> [Dataset excerpts]

________________

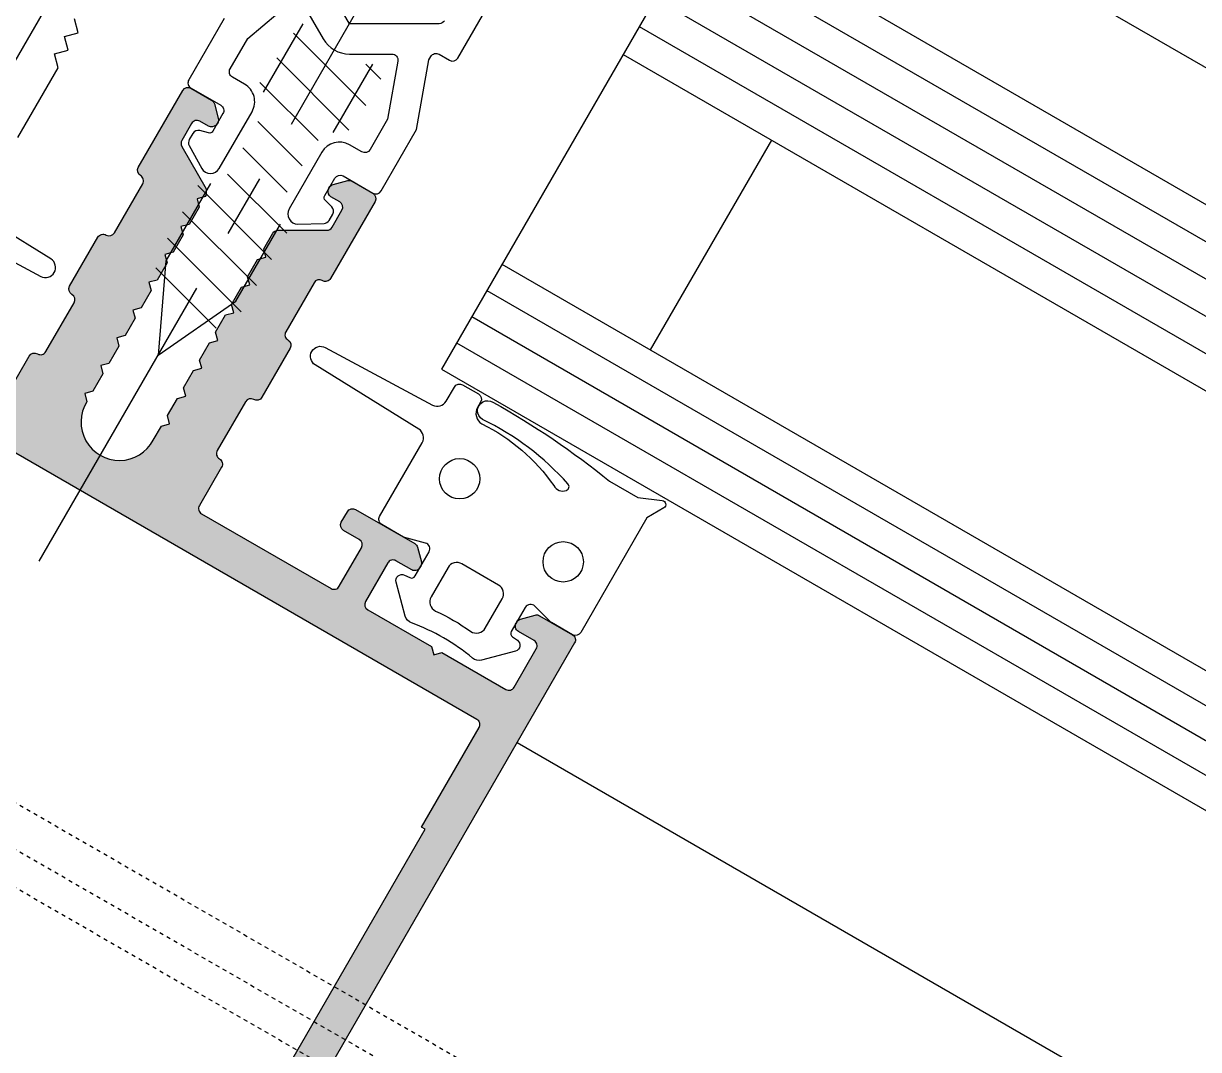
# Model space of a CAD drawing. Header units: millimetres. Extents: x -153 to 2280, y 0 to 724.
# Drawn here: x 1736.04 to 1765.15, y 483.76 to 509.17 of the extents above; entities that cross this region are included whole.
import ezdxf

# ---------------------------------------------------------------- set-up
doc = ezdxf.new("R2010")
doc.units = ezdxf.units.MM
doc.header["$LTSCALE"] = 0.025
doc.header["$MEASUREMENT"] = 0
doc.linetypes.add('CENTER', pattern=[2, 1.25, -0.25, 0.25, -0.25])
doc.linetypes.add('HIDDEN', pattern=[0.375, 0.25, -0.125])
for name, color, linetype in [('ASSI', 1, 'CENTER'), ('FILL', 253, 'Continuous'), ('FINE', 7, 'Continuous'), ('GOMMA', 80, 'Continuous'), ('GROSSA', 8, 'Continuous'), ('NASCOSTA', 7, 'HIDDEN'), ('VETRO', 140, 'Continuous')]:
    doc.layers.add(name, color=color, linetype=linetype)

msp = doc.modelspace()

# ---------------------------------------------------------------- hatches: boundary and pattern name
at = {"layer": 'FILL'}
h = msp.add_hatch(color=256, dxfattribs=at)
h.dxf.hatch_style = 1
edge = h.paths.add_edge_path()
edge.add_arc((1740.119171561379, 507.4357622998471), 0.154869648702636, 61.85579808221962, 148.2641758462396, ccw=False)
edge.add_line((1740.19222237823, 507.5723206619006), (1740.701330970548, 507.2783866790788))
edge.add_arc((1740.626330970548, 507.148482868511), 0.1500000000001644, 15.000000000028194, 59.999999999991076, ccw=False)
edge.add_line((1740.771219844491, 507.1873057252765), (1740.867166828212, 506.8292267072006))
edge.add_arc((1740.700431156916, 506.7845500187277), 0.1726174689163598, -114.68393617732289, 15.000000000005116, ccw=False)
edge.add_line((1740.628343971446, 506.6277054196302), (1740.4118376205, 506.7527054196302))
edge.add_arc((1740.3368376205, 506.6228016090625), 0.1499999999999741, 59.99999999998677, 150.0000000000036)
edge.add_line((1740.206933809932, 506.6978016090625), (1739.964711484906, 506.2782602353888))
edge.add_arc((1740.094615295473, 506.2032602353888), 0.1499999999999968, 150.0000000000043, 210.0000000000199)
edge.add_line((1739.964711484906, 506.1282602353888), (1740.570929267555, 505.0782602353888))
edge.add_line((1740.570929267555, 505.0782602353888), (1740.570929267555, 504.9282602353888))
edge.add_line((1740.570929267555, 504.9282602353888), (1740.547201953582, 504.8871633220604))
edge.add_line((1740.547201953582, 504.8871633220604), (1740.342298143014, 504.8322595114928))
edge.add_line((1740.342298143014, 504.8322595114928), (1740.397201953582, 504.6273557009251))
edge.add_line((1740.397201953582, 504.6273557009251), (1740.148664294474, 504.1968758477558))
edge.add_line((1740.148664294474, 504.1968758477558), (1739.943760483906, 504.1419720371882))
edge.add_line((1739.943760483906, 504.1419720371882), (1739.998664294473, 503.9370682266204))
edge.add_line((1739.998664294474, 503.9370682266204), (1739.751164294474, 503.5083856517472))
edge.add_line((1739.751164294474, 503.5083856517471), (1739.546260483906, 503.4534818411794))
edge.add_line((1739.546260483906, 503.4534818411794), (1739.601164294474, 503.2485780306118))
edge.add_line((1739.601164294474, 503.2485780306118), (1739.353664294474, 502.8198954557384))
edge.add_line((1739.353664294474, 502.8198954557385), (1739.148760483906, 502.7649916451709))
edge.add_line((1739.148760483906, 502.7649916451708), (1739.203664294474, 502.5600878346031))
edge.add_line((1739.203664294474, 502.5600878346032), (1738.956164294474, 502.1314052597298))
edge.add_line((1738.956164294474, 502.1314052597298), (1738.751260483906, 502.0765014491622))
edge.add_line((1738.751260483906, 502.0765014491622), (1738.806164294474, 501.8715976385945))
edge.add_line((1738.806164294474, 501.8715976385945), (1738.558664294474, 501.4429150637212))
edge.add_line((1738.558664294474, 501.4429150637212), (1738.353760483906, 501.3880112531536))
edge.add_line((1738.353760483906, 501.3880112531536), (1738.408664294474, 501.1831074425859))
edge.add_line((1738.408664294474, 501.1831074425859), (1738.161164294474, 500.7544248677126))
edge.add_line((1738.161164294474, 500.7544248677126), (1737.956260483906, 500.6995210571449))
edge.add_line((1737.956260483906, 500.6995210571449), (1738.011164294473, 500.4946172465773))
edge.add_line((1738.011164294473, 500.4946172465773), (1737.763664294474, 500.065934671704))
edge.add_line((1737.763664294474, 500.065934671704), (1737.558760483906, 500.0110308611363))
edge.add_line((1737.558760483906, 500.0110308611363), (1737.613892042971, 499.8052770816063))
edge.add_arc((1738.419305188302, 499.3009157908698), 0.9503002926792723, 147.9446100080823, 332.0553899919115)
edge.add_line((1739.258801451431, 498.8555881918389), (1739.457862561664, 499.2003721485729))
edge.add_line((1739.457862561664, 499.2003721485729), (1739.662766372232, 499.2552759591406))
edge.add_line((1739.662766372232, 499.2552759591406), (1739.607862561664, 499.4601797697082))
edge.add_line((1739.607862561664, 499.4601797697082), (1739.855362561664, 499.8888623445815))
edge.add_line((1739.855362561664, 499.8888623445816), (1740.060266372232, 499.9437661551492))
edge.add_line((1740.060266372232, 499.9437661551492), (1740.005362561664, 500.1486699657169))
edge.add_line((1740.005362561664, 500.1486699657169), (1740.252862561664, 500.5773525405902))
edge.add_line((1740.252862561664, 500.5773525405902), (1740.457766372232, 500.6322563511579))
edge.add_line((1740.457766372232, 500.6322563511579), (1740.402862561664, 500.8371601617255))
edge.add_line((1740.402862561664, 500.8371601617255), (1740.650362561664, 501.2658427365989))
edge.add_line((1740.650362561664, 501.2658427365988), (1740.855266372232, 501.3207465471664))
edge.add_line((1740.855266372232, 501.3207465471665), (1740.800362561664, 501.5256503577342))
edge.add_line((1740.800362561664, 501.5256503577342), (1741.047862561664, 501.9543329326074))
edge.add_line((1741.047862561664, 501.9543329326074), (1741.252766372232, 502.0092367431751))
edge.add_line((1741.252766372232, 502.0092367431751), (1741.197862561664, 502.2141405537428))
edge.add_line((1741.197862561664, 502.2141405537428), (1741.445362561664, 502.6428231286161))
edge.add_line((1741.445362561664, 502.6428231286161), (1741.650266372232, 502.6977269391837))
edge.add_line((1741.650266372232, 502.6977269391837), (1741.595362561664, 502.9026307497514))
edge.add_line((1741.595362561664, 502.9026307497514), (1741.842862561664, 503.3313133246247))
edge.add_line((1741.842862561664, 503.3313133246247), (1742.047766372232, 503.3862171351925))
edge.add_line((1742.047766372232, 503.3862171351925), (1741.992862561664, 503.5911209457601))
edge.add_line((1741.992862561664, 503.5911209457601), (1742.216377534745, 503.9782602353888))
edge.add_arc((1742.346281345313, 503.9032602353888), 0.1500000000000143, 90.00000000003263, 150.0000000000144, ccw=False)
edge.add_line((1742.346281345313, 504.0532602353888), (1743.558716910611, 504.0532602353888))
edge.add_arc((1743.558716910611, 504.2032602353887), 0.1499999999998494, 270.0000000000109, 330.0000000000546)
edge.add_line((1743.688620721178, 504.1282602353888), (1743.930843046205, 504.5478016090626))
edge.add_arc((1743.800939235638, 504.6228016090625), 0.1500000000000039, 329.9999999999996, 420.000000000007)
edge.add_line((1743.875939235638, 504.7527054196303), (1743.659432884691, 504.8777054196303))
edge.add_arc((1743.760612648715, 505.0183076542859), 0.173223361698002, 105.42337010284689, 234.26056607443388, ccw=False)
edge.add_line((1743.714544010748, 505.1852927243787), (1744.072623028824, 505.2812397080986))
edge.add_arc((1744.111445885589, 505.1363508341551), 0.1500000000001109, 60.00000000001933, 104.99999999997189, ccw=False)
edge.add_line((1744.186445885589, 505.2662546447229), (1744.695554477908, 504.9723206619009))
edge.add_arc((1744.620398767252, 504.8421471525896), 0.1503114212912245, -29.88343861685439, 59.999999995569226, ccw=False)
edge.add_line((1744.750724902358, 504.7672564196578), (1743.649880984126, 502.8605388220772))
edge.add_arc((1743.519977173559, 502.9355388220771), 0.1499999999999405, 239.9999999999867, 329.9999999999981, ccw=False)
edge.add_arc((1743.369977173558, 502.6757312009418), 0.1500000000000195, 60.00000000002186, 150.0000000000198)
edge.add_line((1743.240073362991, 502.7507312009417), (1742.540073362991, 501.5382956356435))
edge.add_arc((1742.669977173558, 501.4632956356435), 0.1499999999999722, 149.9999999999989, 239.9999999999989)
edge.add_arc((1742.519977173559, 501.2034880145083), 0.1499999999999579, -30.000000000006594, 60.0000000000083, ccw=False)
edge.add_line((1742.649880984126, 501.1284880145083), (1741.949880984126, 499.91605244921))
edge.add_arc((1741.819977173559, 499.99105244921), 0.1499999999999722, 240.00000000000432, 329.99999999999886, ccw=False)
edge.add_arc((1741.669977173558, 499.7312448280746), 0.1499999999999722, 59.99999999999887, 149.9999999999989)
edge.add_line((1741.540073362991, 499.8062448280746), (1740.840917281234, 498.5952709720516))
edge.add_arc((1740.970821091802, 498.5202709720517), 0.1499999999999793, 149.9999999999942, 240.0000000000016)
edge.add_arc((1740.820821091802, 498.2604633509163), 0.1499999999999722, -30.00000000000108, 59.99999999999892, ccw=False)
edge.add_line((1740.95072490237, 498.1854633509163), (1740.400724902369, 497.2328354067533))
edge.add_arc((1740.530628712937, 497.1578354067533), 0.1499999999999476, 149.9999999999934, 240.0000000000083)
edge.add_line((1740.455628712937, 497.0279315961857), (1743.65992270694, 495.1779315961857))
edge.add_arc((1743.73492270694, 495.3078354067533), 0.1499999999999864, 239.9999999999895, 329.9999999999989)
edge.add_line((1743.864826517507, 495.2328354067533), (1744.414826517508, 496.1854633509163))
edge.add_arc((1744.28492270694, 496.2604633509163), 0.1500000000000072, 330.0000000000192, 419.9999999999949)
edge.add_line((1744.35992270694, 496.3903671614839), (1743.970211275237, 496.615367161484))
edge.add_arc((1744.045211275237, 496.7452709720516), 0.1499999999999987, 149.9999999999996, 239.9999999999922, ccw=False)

________________

> [Directions for this task] Your answer must consist of every line from the listing that holds the string "CENTER".

> [Exercise answer]
doc.linetypes.add('CENTER', pattern=[2, 1.25, -0.25, 0.25, -0.25])
for name, color, linetype in [('ASSI', 1, 'CENTER'), ('FILL', 253, 'Continuous'), ('FINE', 7, 'Continuous'), ('GOMMA', 80, 'Continuous'), ('GROSSA', 8, 'Continuous'), ('NASCOSTA', 7, 'HIDDEN'), ('VETRO', 140, 'Continuous')]:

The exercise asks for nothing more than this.